We thank the Referee for this important suggestion. Therefore, a statement explaining the pathology induced by A53T mutation of asyn has been added in the introduction for non-expert readers.

Comment #4:

Figure 1. It could be useful to add representative pictures of x-rhod1 and fluo-3am.

Answer #4:

As requested by the Referee Figure 1 has been modified by adding representative pictures of x-rhod1 and fluo-3am.

Comment #5:

Figure 1 caption. Panels B and C reported that primary astrocytes are derived from “mouse pups (1 DIV)”. It is not clear whether the astrocytes have been cultered for 1 day in vitro or 1 DIV is refered to pups 1 day old (the same for Figure S1), in case please correct. Moreover, the statistics should report the astrocytes as well.

Answer #5:

We apologize for the lack of clarity in the caption of figure 1. In the revised version of the manuscript  the caption has been modified according to the referee’s suggestion.
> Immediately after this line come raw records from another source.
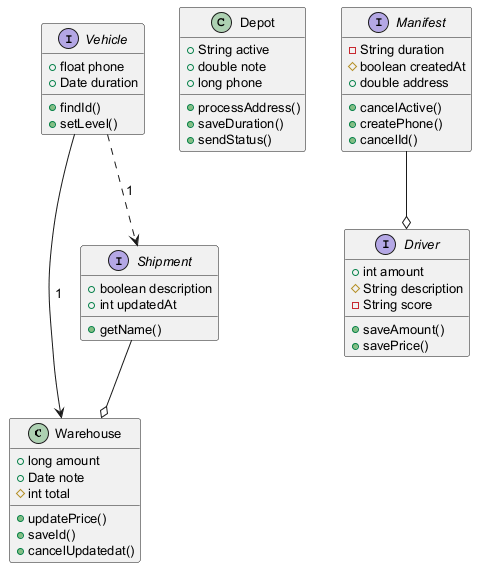

The diagram above was rendered by PlantUML. Its source (embedded in the PNG):
@startuml
skinparam defaultFontSize 13
class Warehouse {
  +long amount
  +Date note
  #int total
  +updatePrice()
  +saveId()
  +cancelUpdatedat()
}
interface Shipment {
  +boolean description
  +int updatedAt
  +getName()
}
class Depot {
  +String active
  +double note
  +long phone
  +processAddress()
  +saveDuration()
  +sendStatus()
}
interface Manifest {
  -String duration
  #boolean createdAt
  +double address
  +cancelActive()
  +createPhone()
  +cancelId()
}
interface Vehicle {
  +float phone
  +Date duration
  +findId()
  +setLevel()
}
interface Driver {
  +int amount
  #String description
  -String score
  +saveAmount()
  +savePrice()
}
Vehicle --> Warehouse : "1"
Manifest --o Driver
Vehicle ..> Shipment : "1"
Shipment --o Warehouse
@enduml

The same for the figure S1.

Comment #6:

Figure 2. The wb in panel B should be replace with less exposed and clear picture in order to better appreciate the NCX3 reduction.

Answer #6:

We apologize for the picture in Panel B of figure 2. In the revised version of the manuscript the figure in panel B has been exchanged with a clear and less exposed picture n order to better appreciate the NCX3 reduction.

Comment #7:

Paragraph 2.3. It is not clear why the neuroinflammation has been evaluated only in 16 month-old mice. It would be interesting to understand whether the inflammation and mitochondrial dysfunction appear in earlier or later time point respect to neurodegeneration.

Answer #7:

We thank the referee for this important suggestion that has been addressed in the new version of the manuscript both in the results' and in the discussion' sections.

 Comment #8:

Figure 4. The wb of IL1beta in the midbrain should be replaced with clearer picture.

Answer #8:

We apologize for the resolution of the images reported in Figure 4. In the revised version of the manuscript, we provided a higher resolution image

 Comment #9:

Please verify the symbols in methods (actin and tubulin at the end of wb description, asyn at line 369).

Answer #9:

As suggested by the Referee we verified and corrected the symbols in the methods’ section

Comment #10:

Please describe the meaning of (Ca2+)i, (Ca2+)m and (Ca2+)c (in the methods) and keep consistent throughout the manuscript.

Answer #10:

As suggested by the referee we described the meaning of (Ca2+)i, (Ca2+)m, and (Ca2+)c (in the methods) and kept it consistent throughout the manuscript.

Author Response File: Author Response.docx

Round 2

Reviewer 1 Report

The authors have satisfactorily responded to all my questions and made the necessary changes to the manuscript.
This reviewer considers that the revised version of the manuscript appears to be good and ready for publication in the present form.